In short, Theano is the best prototyping tool!!

**Pros**

- **Python** : Preprocessing, Modeling, Visualization. Numpy like expression.
- **Easy to access GPU**: You don't need to do anything!!
- **Execution speed optimizations**: Theano can use g++ or nvcc to compile your expression graph
- **Symbolic differentiation**: Automatic Differentiation on symbolic expressions
- **Stability optimizations**: Theano recognize numerically unstable expressions and fix them
- **Still growing**: Developer communitiy is active

**Cons**

- **Loop** : Restrictions on how the loop interact with the rest of the graph
- ** Goto/Recursion**: are not supprted

## Contents
0. **Tools**: You don't need to know theano at all !! ( [nolearn](https://github.com/dnouri/nolearn.git), [Pylearn2](http://deeplearning.net/software/pylearn2/), [sklearn-theano](http://sklearn-theano.github.io/auto_examples/plot_mnist_generator.html#example-plot-mnist-generator-py) ).
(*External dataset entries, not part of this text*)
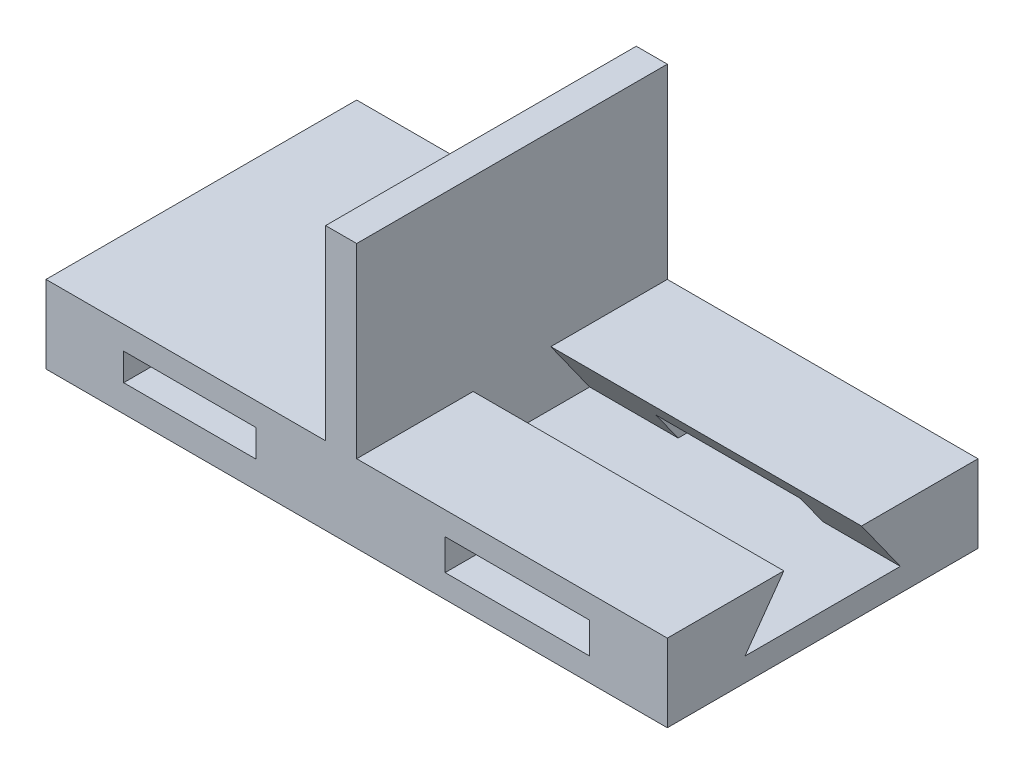
ISO-10303-21;
HEADER;
FILE_DESCRIPTION(('STEP AP214'),'2;1');
FILE_NAME('part.step','',(''),(''),'','','');
FILE_SCHEMA(('AUTOMOTIVE_DESIGN { 1 0 10303 214 1 1 1 1 }'));
ENDSEC;
DATA;
#1=APPLICATION_CONTEXT('core data for automotive mechanical design processes');
#2=APPLICATION_PROTOCOL_DEFINITION('international standard','automotive_design',2000,#1);
#3=PRODUCT_CONTEXT('',#1,'mechanical');
#4=PRODUCT('Part','Part','',(#3));
#5=PRODUCT_RELATED_PRODUCT_CATEGORY('part','',(#4));
#6=PRODUCT_DEFINITION_FORMATION('','',#4);
#7=PRODUCT_DEFINITION_CONTEXT('part definition',#1,'design');
#8=PRODUCT_DEFINITION('design','',#6,#7);
#9=PRODUCT_DEFINITION_SHAPE('','',#8);
#10=(LENGTH_UNIT() NAMED_UNIT(*) SI_UNIT(.MILLI.,.METRE.));
#11=(NAMED_UNIT(*) PLANE_ANGLE_UNIT() SI_UNIT($,.RADIAN.));
#12=(NAMED_UNIT(*) SI_UNIT($,.STERADIAN.) SOLID_ANGLE_UNIT());
#13=UNCERTAINTY_MEASURE_WITH_UNIT(LENGTH_MEASURE(1.E-05),#10,'distance_accuracy_value','');
#14=(GEOMETRIC_REPRESENTATION_CONTEXT(3) GLOBAL_UNCERTAINTY_ASSIGNED_CONTEXT((#13)) GLOBAL_UNIT_ASSIGNED_CONTEXT((#10,
#11,#12)) REPRESENTATION_CONTEXT('',''));
#15=CARTESIAN_POINT('',(0.,0.,0.));
#16=DIRECTION('',(0.,0.,1.));
#17=DIRECTION('',(1.,0.,0.));
#18=AXIS2_PLACEMENT_3D('',#15,#16,#17);
#19=CARTESIAN_POINT('',(-18.,-12.,0.));
#20=DIRECTION('',(0.,1.,0.));
#21=DIRECTION('',(0.,0.,1.));
#22=AXIS2_PLACEMENT_3D('',#19,#20,#21);
#23=PLANE('',#22);
#24=DIRECTION('',(1.,0.,0.));
#25=VECTOR('',#24,1.);
#26=CARTESIAN_POINT('',(2.,-12.,-12.5));
#27=LINE('',#26,#25);
#28=CARTESIAN_POINT('',(2.,-12.,-12.5));
#29=VERTEX_POINT('',#28);
#30=CARTESIAN_POINT('',(22.,-12.,-12.5));
#31=VERTEX_POINT('',#30);
#32=EDGE_CURVE('E325',#29,#31,#27,.T.);
#33=ORIENTED_EDGE('',*,*,#32,.T.);
#34=DIRECTION('',(0.,0.,1.));
#35=VECTOR('',#34,1.);
#36=CARTESIAN_POINT('',(22.,-12.,0.));
#37=LINE('',#36,#35);
#38=CARTESIAN_POINT('',(22.,-12.,-20.));
#39=VERTEX_POINT('',#38);
#40=EDGE_CURVE('E364',#39,#31,#37,.T.);
#41=ORIENTED_EDGE('',*,*,#40,.F.);
#42=DIRECTION('',(1.,0.,0.));
#43=VECTOR('',#42,1.);
#44=CARTESIAN_POINT('',(-18.,-12.,-20.));
#45=LINE('',#44,#43);
#46=CARTESIAN_POINT('',(2.,-12.,-20.));
#47=VERTEX_POINT('',#46);
#48=EDGE_CURVE('E394',#47,#39,#45,.T.);
#49=ORIENTED_EDGE('',*,*,#48,.F.);
#50=DIRECTION('',(0.,0.,-1.));
#51=VECTOR('',#50,1.);
#52=CARTESIAN_POINT('',(2.,-12.,0.));
#53=LINE('',#52,#51);
#54=EDGE_CURVE('E404',#29,#47,#53,.T.);
#55=ORIENTED_EDGE('',*,*,#54,.F.);
#56=EDGE_LOOP('',(#33,#41,#49,#55));
#57=FACE_BOUND('',#56,.T.);
#58=ADVANCED_FACE('F39',(#57),#23,.T.);
#59=CARTESIAN_POINT('',(2.,0.,0.));
#60=DIRECTION('',(0.,0.,-1.));
#61=DIRECTION('',(0.,1.,0.));
#62=AXIS2_PLACEMENT_3D('',#59,#60,#61);
#63=PLANE('',#62);
#64=DIRECTION('',(1.,0.,0.));
#65=VECTOR('',#64,1.);
#66=CARTESIAN_POINT('',(-4.48780006357861,-13.5,0.));
#67=LINE('',#66,#65);
#68=CARTESIAN_POINT('',(-13.,-13.5,0.));
#69=VERTEX_POINT('',#68);
#70=CARTESIAN_POINT('',(-4.48780006357861,-13.5,0.));
#71=VERTEX_POINT('',#70);
#72=EDGE_CURVE('E215',#69,#71,#67,.T.);
#73=ORIENTED_EDGE('',*,*,#72,.T.);
#74=DIRECTION('',(0.,-1.,0.));
#75=VECTOR('',#74,1.);
#76=CARTESIAN_POINT('',(-4.48780006357861,-13.5,0.));
#77=LINE('',#76,#75);
#78=CARTESIAN_POINT('',(-4.48780006357861,-15.261144814432,0.));
#79=VERTEX_POINT('',#78);
#80=EDGE_CURVE('E206',#71,#79,#77,.T.);
#81=ORIENTED_EDGE('',*,*,#80,.T.);
#82=DIRECTION('',(-1.,0.,0.));
#83=VECTOR('',#82,1.);
#84=CARTESIAN_POINT('',(-4.48780006357861,-15.261144814432,0.));
#85=LINE('',#84,#83);
#86=CARTESIAN_POINT('',(-13.,-15.261144814432,0.));
#87=VERTEX_POINT('',#86);
#88=EDGE_CURVE('E218',#79,#87,#85,.T.);
#89=ORIENTED_EDGE('',*,*,#88,.T.);
#90=DIRECTION('',(0.,1.,0.));
#91=VECTOR('',#90,1.);
#92=CARTESIAN_POINT('',(-13.,-13.5,0.));
#93=LINE('',#92,#91);
#94=EDGE_CURVE('E55',#87,#69,#93,.T.);
#95=ORIENTED_EDGE('',*,*,#94,.T.);
#96=EDGE_LOOP('',(#73,#81,#89,#95));
#97=FACE_BOUND('',#96,.T.);
#98=DIRECTION('',(-1.,0.,0.));
#99=VECTOR('',#98,1.);
#100=CARTESIAN_POINT('',(7.69528489708421,-15.5,0.));
#101=LINE('',#100,#99);
#102=CARTESIAN_POINT('',(17.,-15.5,0.));
#103=VERTEX_POINT('',#102);
#104=CARTESIAN_POINT('',(7.69528489708421,-15.5,0.));
#105=VERTEX_POINT('',#104);
#106=EDGE_CURVE('E266',#103,#105,#101,.T.);
#107=ORIENTED_EDGE('',*,*,#106,.T.);
#108=DIRECTION('',(0.,1.,0.));
#109=VECTOR('',#108,1.);
#110=CARTESIAN_POINT('',(7.69528489708421,-13.5,0.));
#111=LINE('',#110,#109);
#112=CARTESIAN_POINT('',(7.69528489708421,-13.5,0.));
#113=VERTEX_POINT('',#112);
#114=EDGE_CURVE('E255',#105,#113,#111,.T.);
#115=ORIENTED_EDGE('',*,*,#114,.T.);
#116=DIRECTION('',(1.,0.,0.));
#117=VECTOR('',#116,1.);
#118=CARTESIAN_POINT('',(7.69528489708421,-13.5,0.));
#119=LINE('',#118,#117);
#120=CARTESIAN_POINT('',(17.,-13.5,0.));
#121=VERTEX_POINT('',#120);
#122=EDGE_CURVE('E259',#113,#121,#119,.T.);
#123=ORIENTED_EDGE('',*,*,#122,.T.);
#124=DIRECTION('',(0.,-1.,0.));
#125=VECTOR('',#124,1.);
#126=CARTESIAN_POINT('',(17.,-13.5,0.));
#127=LINE('',#126,#125);
#128=EDGE_CURVE('E63',#121,#103,#127,.T.);
#129=ORIENTED_EDGE('',*,*,#128,.T.);
#130=EDGE_LOOP('',(#107,#115,#123,#129));
#131=FACE_BOUND('',#130,.T.);
#132=DIRECTION('',(0.,-1.,0.));
#133=VECTOR('',#132,1.);
#134=CARTESIAN_POINT('',(0.,0.,0.));
#135=LINE('',#134,#133);
#136=CARTESIAN_POINT('',(0.,0.,0.));
#137=VERTEX_POINT('',#136);
#138=CARTESIAN_POINT('',(0.,-12.,0.));
#139=VERTEX_POINT('',#138);
#140=EDGE_CURVE('E388',#137,#139,#135,.T.);
#141=ORIENTED_EDGE('',*,*,#140,.T.);
#142=DIRECTION('',(1.,0.,0.));
#143=VECTOR('',#142,1.);
#144=CARTESIAN_POINT('',(-18.,-12.,0.));
#145=LINE('',#144,#143);
#146=CARTESIAN_POINT('',(-18.,-12.,0.));
#147=VERTEX_POINT('',#146);
#148=EDGE_CURVE('E385',#147,#139,#145,.T.);
#149=ORIENTED_EDGE('',*,*,#148,.F.);
#150=DIRECTION('',(0.,-1.,0.));
#151=VECTOR('',#150,1.);
#152=CARTESIAN_POINT('',(-18.,-12.,0.));
#153=LINE('',#152,#151);
#154=CARTESIAN_POINT('',(-18.,-17.,0.));
#155=VERTEX_POINT('',#154);
#156=EDGE_CURVE('E368',#147,#155,#153,.T.);
#157=ORIENTED_EDGE('',*,*,#156,.T.);
#158=DIRECTION('',(1.,0.,0.));
#159=VECTOR('',#158,1.);
#160=CARTESIAN_POINT('',(-18.,-17.,0.));
#161=LINE('',#160,#159);
#162=CARTESIAN_POINT('',(22.,-17.,0.));
#163=VERTEX_POINT('',#162);
#164=EDGE_CURVE('E384',#155,#163,#161,.T.);
#165=ORIENTED_EDGE('',*,*,#164,.T.);
#166=DIRECTION('',(0.,-1.,0.));
#167=VECTOR('',#166,1.);
#168=CARTESIAN_POINT('',(22.,-12.,0.));
#169=LINE('',#168,#167);
#170=CARTESIAN_POINT('',(22.,-12.,0.));
#171=VERTEX_POINT('',#170);
#172=EDGE_CURVE('E339',#171,#163,#169,.T.);
#173=ORIENTED_EDGE('',*,*,#172,.F.);
#174=CARTESIAN_POINT('',(2.,-12.,0.));
#175=VERTEX_POINT('',#174);
#176=EDGE_CURVE('E389',#175,#171,#145,.T.);
#177=ORIENTED_EDGE('',*,*,#176,.F.);
#178=DIRECTION('',(0.,-1.,0.));
#179=VECTOR('',#178,1.);
#180=CARTESIAN_POINT('',(2.,0.,0.));
#181=LINE('',#180,#179);
#182=CARTESIAN_POINT('',(2.,0.,0.));
#183=VERTEX_POINT('',#182);
#184=EDGE_CURVE('E400',#183,#175,#181,.T.);
#185=ORIENTED_EDGE('',*,*,#184,.F.);
#186=DIRECTION('',(-1.,0.,0.));
#187=VECTOR('',#186,1.);
#188=CARTESIAN_POINT('',(2.,0.,0.));
#189=LINE('',#188,#187);
#190=EDGE_CURVE('E416',#183,#137,#189,.T.);
#191=ORIENTED_EDGE('',*,*,#190,.T.);
#192=EDGE_LOOP('',(#141,#149,#157,#165,#173,#177,#185,#191));
#193=FACE_BOUND('',#192,.T.);
#194=ADVANCED_FACE('F41',(#97,#131,#193),#63,.F.);
#195=CARTESIAN_POINT('',(2.,0.,-20.));
#196=DIRECTION('',(0.,0.,1.));
#197=DIRECTION('',(1.,0.,0.));
#198=AXIS2_PLACEMENT_3D('',#195,#196,#197);
#199=PLANE('',#198);
#200=DIRECTION('',(-1.,0.,0.));
#201=VECTOR('',#200,1.);
#202=CARTESIAN_POINT('',(-4.48780006357861,-15.261144814432,-20.));
#203=LINE('',#202,#201);
#204=CARTESIAN_POINT('',(-4.48780006357861,-15.261144814432,-20.));
#205=VERTEX_POINT('',#204);
#206=CARTESIAN_POINT('',(-13.,-15.261144814432,-20.));
#207=VERTEX_POINT('',#206);
#208=EDGE_CURVE('E239',#205,#207,#203,.T.);
#209=ORIENTED_EDGE('',*,*,#208,.F.);
#210=DIRECTION('',(0.,-1.,0.));
#211=VECTOR('',#210,1.);
#212=CARTESIAN_POINT('',(-4.48780006357861,-13.5,-20.));
#213=LINE('',#212,#211);
#214=CARTESIAN_POINT('',(-4.48780006357861,-13.5,-20.));
#215=VERTEX_POINT('',#214);
#216=EDGE_CURVE('E209',#215,#205,#213,.T.);
#217=ORIENTED_EDGE('',*,*,#216,.F.);
#218=DIRECTION('',(1.,0.,0.));
#219=VECTOR('',#218,1.);
#220=CARTESIAN_POINT('',(-4.48780006357861,-13.5,-20.));
#221=LINE('',#220,#219);
#222=CARTESIAN_POINT('',(-13.,-13.5,-20.));
#223=VERTEX_POINT('',#222);
#224=EDGE_CURVE('E226',#223,#215,#221,.T.);
#225=ORIENTED_EDGE('',*,*,#224,.F.);
#226=DIRECTION('',(0.,1.,0.));
#227=VECTOR('',#226,1.);
#228=CARTESIAN_POINT('',(-13.,-13.5,-20.));
#229=LINE('',#228,#227);
#230=EDGE_CURVE('E230',#207,#223,#229,.T.);
#231=ORIENTED_EDGE('',*,*,#230,.F.);
#232=EDGE_LOOP('',(#209,#217,#225,#231));
#233=FACE_BOUND('',#232,.T.);
#234=DIRECTION('',(1.,0.,0.));
#235=VECTOR('',#234,1.);
#236=CARTESIAN_POINT('',(7.69528489708421,-13.5,-20.));
#237=LINE('',#236,#235);
#238=CARTESIAN_POINT('',(7.69528489708421,-13.5,-20.));
#239=VERTEX_POINT('',#238);
#240=CARTESIAN_POINT('',(17.,-13.5,-20.));
#241=VERTEX_POINT('',#240);
#242=EDGE_CURVE('E274',#239,#241,#237,.T.);
#243=ORIENTED_EDGE('',*,*,#242,.F.);
#244=DIRECTION('',(0.,1.,0.));
#245=VECTOR('',#244,1.);
#246=CARTESIAN_POINT('',(7.69528489708421,-13.5,-20.));
#247=LINE('',#246,#245);
#248=CARTESIAN_POINT('',(7.69528489708421,-15.5,-20.));
#249=VERTEX_POINT('',#248);
#250=EDGE_CURVE('E271',#249,#239,#247,.T.);
#251=ORIENTED_EDGE('',*,*,#250,.F.);
#252=DIRECTION('',(-1.,0.,0.));
#253=VECTOR('',#252,1.);
#254=CARTESIAN_POINT('',(7.69528489708421,-15.5,-20.));
#255=LINE('',#254,#253);
#256=CARTESIAN_POINT('',(17.,-15.5,-20.));
#257=VERTEX_POINT('',#256);
#258=EDGE_CURVE('E260',#257,#249,#255,.T.);
#259=ORIENTED_EDGE('',*,*,#258,.F.);
#260=DIRECTION('',(0.,-1.,0.));
#261=VECTOR('',#260,1.);
#262=CARTESIAN_POINT('',(17.,-13.5,-20.));
#263=LINE('',#262,#261);
#264=EDGE_CURVE('E278',#241,#257,#263,.T.);
#265=ORIENTED_EDGE('',*,*,#264,.F.);
#266=EDGE_LOOP('',(#243,#251,#259,#265));
#267=FACE_BOUND('',#266,.T.);
#268=DIRECTION('',(0.,1.,0.));
#269=VECTOR('',#268,1.);
#270=CARTESIAN_POINT('',(0.,0.,-20.));
#271=LINE('',#270,#269);
#272=CARTESIAN_POINT('',(0.,-12.,-20.));
#273=VERTEX_POINT('',#272);
#274=CARTESIAN_POINT('',(0.,0.,-20.));
#275=VERTEX_POINT('',#274);
#276=EDGE_CURVE('E423',#273,#275,#271,.T.);
#277=ORIENTED_EDGE('',*,*,#276,.T.);
#278=DIRECTION('',(-1.,0.,0.));
#279=VECTOR('',#278,1.);
#280=CARTESIAN_POINT('',(2.,0.,-20.));
#281=LINE('',#280,#279);
#282=CARTESIAN_POINT('',(2.,0.,-20.));
#283=VERTEX_POINT('',#282);
#284=EDGE_CURVE('E431',#283,#275,#281,.T.);
#285=ORIENTED_EDGE('',*,*,#284,.F.);
#286=DIRECTION('',(0.,1.,0.));
#287=VECTOR('',#286,1.);
#288=CARTESIAN_POINT('',(2.,0.,-20.));
#289=LINE('',#288,#287);
#290=EDGE_CURVE('E410',#47,#283,#289,.T.);
#291=ORIENTED_EDGE('',*,*,#290,.F.);
#292=ORIENTED_EDGE('',*,*,#48,.T.);
#293=DIRECTION('',(0.,1.,0.));
#294=VECTOR('',#293,1.);
#295=CARTESIAN_POINT('',(22.,-12.,-20.));
#296=LINE('',#295,#294);
#297=CARTESIAN_POINT('',(22.,-17.,-20.));
#298=VERTEX_POINT('',#297);
#299=EDGE_CURVE('E359',#298,#39,#296,.T.);
#300=ORIENTED_EDGE('',*,*,#299,.F.);
#301=DIRECTION('',(1.,0.,0.));
#302=VECTOR('',#301,1.);
#303=CARTESIAN_POINT('',(-18.,-17.,-20.));
#304=LINE('',#303,#302);
#305=CARTESIAN_POINT('',(-18.,-17.,-20.));
#306=VERTEX_POINT('',#305);
#307=EDGE_CURVE('E395',#306,#298,#304,.T.);
#308=ORIENTED_EDGE('',*,*,#307,.F.);
#309=DIRECTION('',(0.,1.,0.));
#310=VECTOR('',#309,1.);
#311=CARTESIAN_POINT('',(-18.,-12.,-20.));
#312=LINE('',#311,#310);
#313=CARTESIAN_POINT('',(-18.,-12.,-20.));
#314=VERTEX_POINT('',#313);
#315=EDGE_CURVE('E376',#306,#314,#312,.T.);
#316=ORIENTED_EDGE('',*,*,#315,.T.);
#317=EDGE_CURVE('E390',#314,#273,#45,.T.);
#318=ORIENTED_EDGE('',*,*,#317,.T.);
#319=EDGE_LOOP('',(#277,#285,#291,#292,#300,#308,#316,#318));
#320=FACE_BOUND('',#319,.T.);
#321=ADVANCED_FACE('F500',(#233,#267,#320),#199,.F.);
#322=CARTESIAN_POINT('',(2.,0.,0.));
#323=DIRECTION('',(0.,-1.,0.));
#324=DIRECTION('',(0.,0.,-1.));
#325=AXIS2_PLACEMENT_3D('',#322,#323,#324);
#326=PLANE('',#325);
#327=DIRECTION('',(0.,0.,1.));
#328=VECTOR('',#327,1.);
#329=CARTESIAN_POINT('',(0.,0.,0.));
#330=LINE('',#329,#328);
#331=EDGE_CURVE('E405',#275,#137,#330,.T.);
#332=ORIENTED_EDGE('',*,*,#331,.T.);
#333=ORIENTED_EDGE('',*,*,#190,.F.);
#334=DIRECTION('',(0.,0.,1.));
#335=VECTOR('',#334,1.);
#336=CARTESIAN_POINT('',(2.,0.,0.));
#337=LINE('',#336,#335);
#338=EDGE_CURVE('E413',#283,#183,#337,.T.);
#339=ORIENTED_EDGE('',*,*,#338,.F.);
#340=ORIENTED_EDGE('',*,*,#284,.T.);
#341=EDGE_LOOP('',(#332,#333,#339,#340));
#342=FACE_BOUND('',#341,.T.);
#343=ADVANCED_FACE('F543',(#342),#326,.F.);
#344=CARTESIAN_POINT('',(2.,0.,0.));
#345=DIRECTION('',(1.,0.,0.));
#346=DIRECTION('',(0.,0.,-1.));
#347=AXIS2_PLACEMENT_3D('',#344,#345,#346);
#348=PLANE('',#347);
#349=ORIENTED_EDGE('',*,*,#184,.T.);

1. **Overview**: How theano codes look like??
2. **Variables**: Symbolic variable, Shared variable
3. **Function, Computational Graph**: tensor.function, tensor.clone, theano.printing.pp, theano.printing.debugprint
4. **Math**:  Comparison, Condition
5. **Linear Algebra**
6. **Gradient**: theano.gradient.grad, theano.gradient.hessian, theano.gradient.jacobian, update
7. **GPU**: Data type 
8. **Linear Regression**
9. **Multi Layer Perceptron**
10. **Convolution**
11. **Maxpooling**
12. **Scan**
13. **Recurrent Neural Networks**
14. **Tips for debugging**
15. **Links**

## Server

This is a hands-on tutorial, if you sent your public key to Prasanna, you can log in to your server.
The server has 4 GPUs. To avoid all participants uses one gpu, please specify explicitly the gpu you want to use.

In [1]:
import theano.sandbox.cuda
theano.sandbox.cuda.use("gpu0") #gpu1, gpu2, gpu3

Using gpu device 0: GeForce GTX TITAN X


If you are running command line, run your code with the following options.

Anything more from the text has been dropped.